=== PROBLEM ===
The span to repeat in the listing below runs from the line containing "#10723 = VERTEX_POINT ( 'NONE', #258 ) ;" to the line containing "#12156 = ORIENTED_EDGE", inclusive. Repeat it exactly, and only it.

•••••

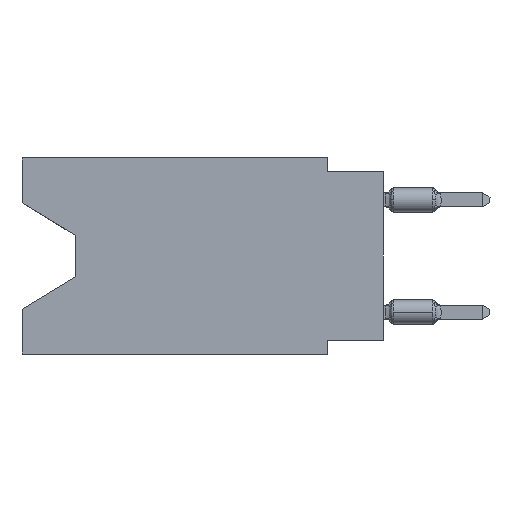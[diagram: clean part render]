
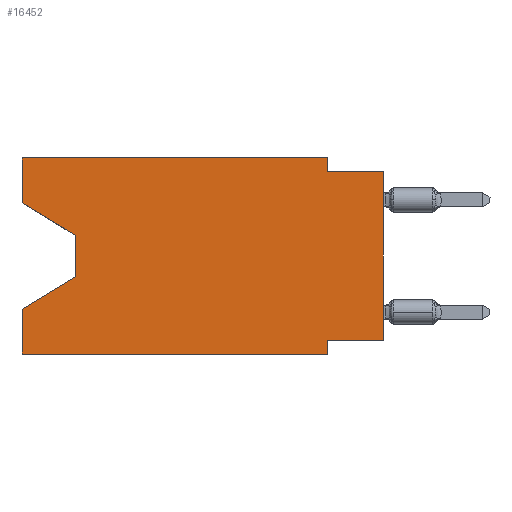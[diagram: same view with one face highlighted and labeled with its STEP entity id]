
A CAD part, left-side view. The second image highlights one B-rep face of the part: STEP entity #16452.
In plain terms, the highlighted planar face has unit normal (-1, 0, 0).
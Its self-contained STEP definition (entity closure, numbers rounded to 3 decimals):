
#121 = CARTESIAN_POINT ( 'NONE',  ( 0., 0., -0.635 ) ) ;
#258 = CARTESIAN_POINT ( 'NONE',  ( 0., 13.97, -3.505 ) ) ;
#327 = CARTESIAN_POINT ( 'NONE',  ( 0., 16.383, -8.89 ) ) ;
#347 = CARTESIAN_POINT ( 'NONE',  ( 0., 2.54, -0.635 ) ) ;
#721 = DIRECTION ( 'NONE',  ( 0., 0., 1. ) ) ;
#1157 = DIRECTION ( 'NONE',  ( 0., 0.855, -0.519 ) ) ;
#1753 = CARTESIAN_POINT ( 'NONE',  ( 0., 16.383, -2.038 ) ) ;
#2020 = CARTESIAN_POINT ( 'NONE',  ( 0., 0., 0. ) ) ;
#2225 = LINE ( 'NONE', #14539, #13514 ) ;
#2530 = LINE ( 'NONE', #15288, #21257 ) ;
#2892 = DIRECTION ( 'NONE',  ( 1., 0., 0. ) ) ;
#2967 = ORIENTED_EDGE ( 'NONE', *, *, #14806, .F. ) ;
#3427 = LINE ( 'NONE', #21070, #9799 ) ;
#3522 = VECTOR ( 'NONE', #14576, 1000. ) ;
#4301 = ORIENTED_EDGE ( 'NONE', *, *, #18410, .F. ) ;
#4499 = LINE ( 'NONE', #11549, #8338 ) ;
#5193 = LINE ( 'NONE', #18802, #6563 ) ;
#5325 = CARTESIAN_POINT ( 'NONE',  ( 0., 2.54, -8.89 ) ) ;
#5614 = ORIENTED_EDGE ( 'NONE', *, *, #22000, .T. ) ;
#5676 = CARTESIAN_POINT ( 'NONE',  ( 0., 16.383, -2.038 ) ) ;
#5774 = CARTESIAN_POINT ( 'NONE',  ( 0., 0., -8.255 ) ) ;
#5777 = DIRECTION ( 'NONE',  ( 0., -0.855, -0.519 ) ) ;
#6199 = EDGE_CURVE ( 'NONE', #13107, #20383, #22298, .T. ) ;
#6236 = FACE_OUTER_BOUND ( 'NONE', #17000, .T. ) ;
#6460 = CARTESIAN_POINT ( 'NONE',  ( 0., 16.383, 0. ) ) ;
#6563 = VECTOR ( 'NONE', #12233, 1000. ) ;
#6842 = VERTEX_POINT ( 'NONE', #10630 ) ;
#7250 = CARTESIAN_POINT ( 'NONE',  ( 0., 13.97, -5.385 ) ) ;
#7759 = VERTEX_POINT ( 'NONE', #5676 ) ;
#7835 = CARTESIAN_POINT ( 'NONE',  ( 0., 2.54, 0. ) ) ;
#8182 = LINE ( 'NONE', #7835, #14935 ) ;
#8204 = VECTOR ( 'NONE', #11486, 1000. ) ;
#8338 = VECTOR ( 'NONE', #1157, 1000. ) ;
#8354 = VERTEX_POINT ( 'NONE', #10145 ) ;
#8514 = DIRECTION ( 'NONE',  ( 0., 0., 1. ) ) ;
#8783 = EDGE_CURVE ( 'NONE', #20383, #18175, #2530, .T. ) ;
#9024 = LINE ( 'NONE', #18233, #12225 ) ;
#9082 = LINE ( 'NONE', #327, #19292 ) ;
#9228 = LINE ( 'NONE', #121, #16879 ) ;
#9799 = VECTOR ( 'NONE', #8514, 1000. ) ;
#9811 = PLANE ( 'NONE',  #17511 ) ;
#10145 = CARTESIAN_POINT ( 'NONE',  ( 0., 16.383, -8.89 ) ) ;
#10630 = CARTESIAN_POINT ( 'NONE',  ( 0., 0., -0.635 ) ) ;
#10662 = EDGE_CURVE ( 'NONE', #7759, #10723, #17529, .T. ) ;
#10723 = VERTEX_POINT ( 'NONE', #258 ) ;
#11464 = DIRECTION ( 'NONE',  ( 0., 0., -1. ) ) ;
#11486 = DIRECTION ( 'NONE',  ( 0., 1., 0. ) ) ;
#11549 = CARTESIAN_POINT ( 'NONE',  ( 0., 13.97, -5.385 ) ) ;
#11577 = ORIENTED_EDGE ( 'NONE', *, *, #18533, .F. ) ;
#11718 = CARTESIAN_POINT ( 'NONE',  ( 0., 0., -8.255 ) ) ;
#11930 = CARTESIAN_POINT ( 'NONE',  ( 0., 16.383, 0. ) ) ;
#12156 = ORIENTED_EDGE ( 'NONE', *, *, #10662, .T. ) ;
#12225 = VECTOR ( 'NONE', #11464, 1000. ) ;
#12233 = DIRECTION ( 'NONE',  ( 0., -1., 0. ) ) ;
#12380 = VERTEX_POINT ( 'NONE', #347 ) ;
#12463 = DIRECTION ( 'NONE',  ( 0., -1., 0. ) ) ;
#13000 = CARTESIAN_POINT ( 'NONE',  ( 0., 2.54, -8.255 ) ) ;
#13033 = ORIENTED_EDGE ( 'NONE', *, *, #21512, .T. ) ;
#13107 = VERTEX_POINT ( 'NONE', #5774 ) ;
#13322 = VERTEX_POINT ( 'NONE', #7250 ) ;
#13514 = VECTOR ( 'NONE', #721, 1000. ) ;
#13517 = VERTEX_POINT ( 'NONE', #20778 ) ;
#14426 = ORIENTED_EDGE ( 'NONE', *, *, #8783, .F. ) ;
#14539 = CARTESIAN_POINT ( 'NONE',  ( 0., 16.383, 0. ) ) ;
#14576 = DIRECTION ( 'NONE',  ( 0., 0., 1. ) ) ;
#14806 = EDGE_CURVE ( 'NONE', #8354, #15376, #2225, .T. ) ;
#14935 = VECTOR ( 'NONE', #16470, 1000. ) ;
#15288 = CARTESIAN_POINT ( 'NONE',  ( 0., 2.54, -8.89 ) ) ;
#15370 = EDGE_CURVE ( 'NONE', #13517, #12380, #8182, .T. ) ;
#15376 = VERTEX_POINT ( 'NONE', #18664 ) ;
#15465 = EDGE_CURVE ( 'NONE', #7759, #15757, #3427, .T. ) ;
#15757 = VERTEX_POINT ( 'NONE', #11930 ) ;
#15934 = ORIENTED_EDGE ( 'NONE', *, *, #15465, .F. ) ;
#16452 = ADVANCED_FACE ( 'NONE', ( #6236 ), #9811, .F. ) ;
#16470 = DIRECTION ( 'NONE',  ( 0., 0., -1. ) ) ;
#16488 = EDGE_CURVE ( 'NONE', #13322, #15376, #4499, .T. ) ;
#16879 = VECTOR ( 'NONE', #12463, 1000. ) ;
#17000 = EDGE_LOOP ( 'NONE', ( #12156, #5614, #18089, #2967, #21449, #14426, #22557, #13033, #11577, #20558, #4301, #15934 ) ) ;
#17511 = AXIS2_PLACEMENT_3D ( 'NONE', #6460, #2892, #22029 ) ;
#17529 = LINE ( 'NONE', #1753, #20791 ) ;
#17794 = LINE ( 'NONE', #2020, #3522 ) ;
#17821 = DIRECTION ( 'NONE',  ( 0., -1., 0. ) ) ;
#18089 = ORIENTED_EDGE ( 'NONE', *, *, #16488, .T. ) ;
#18175 = VERTEX_POINT ( 'NONE', #5325 ) ;
#18233 = CARTESIAN_POINT ( 'NONE',  ( 0., 13.97, -3.505 ) ) ;
#18410 = EDGE_CURVE ( 'NONE', #15757, #13517, #5193, .T. ) ;
#18533 = EDGE_CURVE ( 'NONE', #12380, #6842, #9228, .T. ) ;
#18664 = CARTESIAN_POINT ( 'NONE',  ( 0., 16.383, -6.852 ) ) ;
#18802 = CARTESIAN_POINT ( 'NONE',  ( 0., 16.383, 0. ) ) ;
#19057 = EDGE_CURVE ( 'NONE', #8354, #18175, #9082, .T. ) ;
#19292 = VECTOR ( 'NONE', #17821, 1000. ) ;
#20383 = VERTEX_POINT ( 'NONE', #13000 ) ;
#20558 = ORIENTED_EDGE ( 'NONE', *, *, #15370, .F. ) ;
#20778 = CARTESIAN_POINT ( 'NONE',  ( 0., 2.54, 0. ) ) ;
#20791 = VECTOR ( 'NONE', #5777, 1000. ) ;
#21070 = CARTESIAN_POINT ( 'NONE',  ( 0., 16.383, 0. ) ) ;
#21257 = VECTOR ( 'NONE', #22337, 1000. ) ;
#21449 = ORIENTED_EDGE ( 'NONE', *, *, #19057, .T. ) ;
#21512 = EDGE_CURVE ( 'NONE', #13107, #6842, #17794, .T. ) ;
#22000 = EDGE_CURVE ( 'NONE', #10723, #13322, #9024, .T. ) ;
#22029 = DIRECTION ( 'NONE',  ( 0., 0., -1. ) ) ;
#22298 = LINE ( 'NONE', #11718, #8204 ) ;
#22337 = DIRECTION ( 'NONE',  ( 0., 0., -1. ) ) ;
#22557 = ORIENTED_EDGE ( 'NONE', *, *, #6199, .F. ) ;

•••••

=== ANSWER AREA ===
#10723 = VERTEX_POINT ( 'NONE', #258 ) ;
#11464 = DIRECTION ( 'NONE',  ( 0., 0., -1. ) ) ;
#11486 = DIRECTION ( 'NONE',  ( 0., 1., 0. ) ) ;
#11549 = CARTESIAN_POINT ( 'NONE',  ( 0., 13.97, -5.385 ) ) ;
#11577 = ORIENTED_EDGE ( 'NONE', *, *, #18533, .F. ) ;
#11718 = CARTESIAN_POINT ( 'NONE',  ( 0., 0., -8.255 ) ) ;
#11930 = CARTESIAN_POINT ( 'NONE',  ( 0., 16.383, 0. ) ) ;
#12156 = ORIENTED_EDGE ( 'NONE', *, *, #10662, .T. ) ;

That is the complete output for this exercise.